The second difluorinated product which is already formed after 1 h but is most abundantly present after 2 h of incubation (Fig. 2C) is assigned to 2,3-difluoromaleylacetate. This assignment is based on the fact that 4-hydroxymuconic semialdehydes are readily converted by 4-hydroxymuconic semialdehyde dehydrogenases to the corresponding maleylacetates (77, 96). Maleylacetates can exist in the keto and enol tautomeric forms (76). Conversion of the 2,3-difluoro-4-hydroxymuconic semialdehyde to enol-2,3-difluoromaleylacetate does not change the direct environment of the two fluorine atoms, and only small differences in chemical shift values will occur. Therefore, the chemical shift values of −130.3 and −154.0 ppm are assigned to enol-2,3-difluoromaleylacetate. Figure 2C also shows the formation of a minor compound with resonances at −129.0 and −142.1 ppm. This compound is assigned to keto-2,3-difluoromaleylacetate. The keto tautomer of the maleylacetate drastically changes the chemical shift value of the 3-fluoro substituent, whereas the surrounding environment of the 2-fluoro substituent does not significantly change. Thus, the chemical shift value of −129.0 ppm is assigned to the 2-fluoro substituent, whereas the chemical shift value of −142.1 ppm is assigned to the 3-fluoro substituent of keto-2,3-difluoromaleylacetate. Halogenated maleylacetates generally are further degraded by reductive dehalogenation to β-ketoadipate (10, 46, 90). Therefore, the strong increase in fluoride anion observed in Fig. 2B and C most likely results from maleylacetate reductase activity present in P. fluorescens ACB.

A 2-h incubation of 2,5-difluorohydroquinone with cell extract of P. fluorescens ACB resulted in the conversion of about 80% of the aromatic substrate (results not shown). Formation of about 25% fluoride anions (−123.0 ppm) and one main difluorinated aromatic product with resonances at −110.7 and −174.9 ppm was observed, showing ring splitting between C-1 and C-6. This compound is tentatively assigned to 2,5-difluoro-4-hydroxymuconic semialdehyde or enol-2,5-difluoromaleylacetate (Table 1).

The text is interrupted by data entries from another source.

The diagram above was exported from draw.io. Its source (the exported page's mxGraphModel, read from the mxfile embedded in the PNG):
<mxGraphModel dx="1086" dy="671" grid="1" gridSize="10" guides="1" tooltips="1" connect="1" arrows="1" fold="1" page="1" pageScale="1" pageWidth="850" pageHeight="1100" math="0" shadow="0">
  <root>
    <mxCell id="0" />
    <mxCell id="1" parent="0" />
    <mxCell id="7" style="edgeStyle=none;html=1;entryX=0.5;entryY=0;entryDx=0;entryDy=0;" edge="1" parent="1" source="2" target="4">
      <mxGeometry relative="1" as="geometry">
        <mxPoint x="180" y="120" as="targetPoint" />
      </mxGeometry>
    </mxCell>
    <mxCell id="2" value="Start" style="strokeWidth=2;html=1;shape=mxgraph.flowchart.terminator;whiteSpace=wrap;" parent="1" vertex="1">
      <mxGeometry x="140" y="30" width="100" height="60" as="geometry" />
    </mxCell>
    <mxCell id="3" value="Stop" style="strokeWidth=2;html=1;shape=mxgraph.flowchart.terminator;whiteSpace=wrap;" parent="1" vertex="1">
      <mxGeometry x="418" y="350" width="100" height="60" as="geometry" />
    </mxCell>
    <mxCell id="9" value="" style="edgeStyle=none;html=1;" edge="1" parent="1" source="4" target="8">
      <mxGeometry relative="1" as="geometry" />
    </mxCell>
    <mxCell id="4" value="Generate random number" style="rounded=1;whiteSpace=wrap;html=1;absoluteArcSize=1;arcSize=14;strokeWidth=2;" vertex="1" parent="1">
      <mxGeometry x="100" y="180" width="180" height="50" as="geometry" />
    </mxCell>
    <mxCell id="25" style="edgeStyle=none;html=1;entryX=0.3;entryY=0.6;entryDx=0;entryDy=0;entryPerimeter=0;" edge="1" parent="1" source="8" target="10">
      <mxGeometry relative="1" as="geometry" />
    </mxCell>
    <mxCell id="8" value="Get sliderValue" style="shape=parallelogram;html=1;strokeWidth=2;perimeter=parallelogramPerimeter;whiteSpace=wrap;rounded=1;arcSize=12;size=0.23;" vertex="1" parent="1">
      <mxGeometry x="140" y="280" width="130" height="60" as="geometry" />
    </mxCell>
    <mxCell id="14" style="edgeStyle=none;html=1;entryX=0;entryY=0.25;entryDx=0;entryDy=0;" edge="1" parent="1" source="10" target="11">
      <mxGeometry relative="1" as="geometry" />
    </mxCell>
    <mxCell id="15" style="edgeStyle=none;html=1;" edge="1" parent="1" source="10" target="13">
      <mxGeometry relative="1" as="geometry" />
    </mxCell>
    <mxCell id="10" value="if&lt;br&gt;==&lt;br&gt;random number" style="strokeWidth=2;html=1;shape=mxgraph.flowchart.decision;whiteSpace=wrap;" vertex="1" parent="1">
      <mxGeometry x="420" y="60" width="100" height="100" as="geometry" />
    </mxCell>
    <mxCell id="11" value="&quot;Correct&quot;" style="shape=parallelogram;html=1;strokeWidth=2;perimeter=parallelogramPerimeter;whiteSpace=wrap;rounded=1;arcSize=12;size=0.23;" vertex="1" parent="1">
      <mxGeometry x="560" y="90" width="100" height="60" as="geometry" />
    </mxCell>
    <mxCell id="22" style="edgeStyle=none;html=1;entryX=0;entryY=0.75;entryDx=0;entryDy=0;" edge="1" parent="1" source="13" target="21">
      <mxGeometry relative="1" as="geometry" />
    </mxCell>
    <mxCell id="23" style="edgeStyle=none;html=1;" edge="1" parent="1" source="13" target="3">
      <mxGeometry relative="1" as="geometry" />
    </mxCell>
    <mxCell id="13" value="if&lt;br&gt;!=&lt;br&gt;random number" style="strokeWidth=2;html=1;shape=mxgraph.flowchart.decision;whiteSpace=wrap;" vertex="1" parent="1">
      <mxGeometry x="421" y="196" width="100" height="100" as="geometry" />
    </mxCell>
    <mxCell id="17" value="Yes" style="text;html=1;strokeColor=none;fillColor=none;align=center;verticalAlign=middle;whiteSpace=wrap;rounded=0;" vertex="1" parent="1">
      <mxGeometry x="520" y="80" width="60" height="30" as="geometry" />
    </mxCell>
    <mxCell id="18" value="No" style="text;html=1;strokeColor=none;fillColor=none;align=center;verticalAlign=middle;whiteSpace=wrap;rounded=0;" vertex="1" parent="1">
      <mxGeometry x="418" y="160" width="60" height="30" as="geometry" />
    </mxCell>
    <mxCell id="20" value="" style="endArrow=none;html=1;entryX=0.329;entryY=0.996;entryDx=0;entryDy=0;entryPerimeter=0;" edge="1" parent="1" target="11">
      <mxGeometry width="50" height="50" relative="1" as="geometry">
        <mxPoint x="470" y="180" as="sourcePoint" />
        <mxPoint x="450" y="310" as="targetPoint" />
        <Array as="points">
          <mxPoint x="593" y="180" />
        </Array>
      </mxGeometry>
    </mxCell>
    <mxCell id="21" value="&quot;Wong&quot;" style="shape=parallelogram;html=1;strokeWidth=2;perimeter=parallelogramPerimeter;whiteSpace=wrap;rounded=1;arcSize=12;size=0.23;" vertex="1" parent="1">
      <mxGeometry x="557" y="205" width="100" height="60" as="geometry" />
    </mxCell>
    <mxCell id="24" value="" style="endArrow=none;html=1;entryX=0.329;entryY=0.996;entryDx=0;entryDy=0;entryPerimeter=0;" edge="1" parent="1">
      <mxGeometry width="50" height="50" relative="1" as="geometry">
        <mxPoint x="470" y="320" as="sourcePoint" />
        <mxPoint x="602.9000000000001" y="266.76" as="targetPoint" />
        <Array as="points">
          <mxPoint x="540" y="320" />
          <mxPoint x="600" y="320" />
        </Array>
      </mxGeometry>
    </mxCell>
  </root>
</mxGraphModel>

A 2-h incubation of 3,5-difluorohydroquinone with cell extract of P. fluorescens ACB did not show accumulation of fluorinated compounds (results not shown). Under the conditions applied, nearly 100% of the fluorinated aromatic substrate was converted into fluoride anions.

Partial purification of HQDO.

Purification of HQDO by ammonium sulfate fractionation and hydrophobic interaction chromatography resulted in an enzyme preparation with a specific activity of about 0.5 U mg−1. The partially purified enzyme was rather unstable and rapidly lost activity. Part of the HQDO activity could be restored by incubation of the enzyme with iron(II) salts. The partially purified enzyme showed two main bands on SDS-PAGE around 38 kDa and 70 kDa. The N-terminal sequence of the 70-kDa protein (SAFNTTLPSLDY) corresponded to that of residues 2 to 13 of 4-hydroxyacetophenone monooxygenase (44). The N-terminal sequence of the 38-kDa protein was found to be AMLEAVETEN. Except for the starting methionine, this sequence corresponds to the N-terminal part of orf2 of the hap gene cluster (see below).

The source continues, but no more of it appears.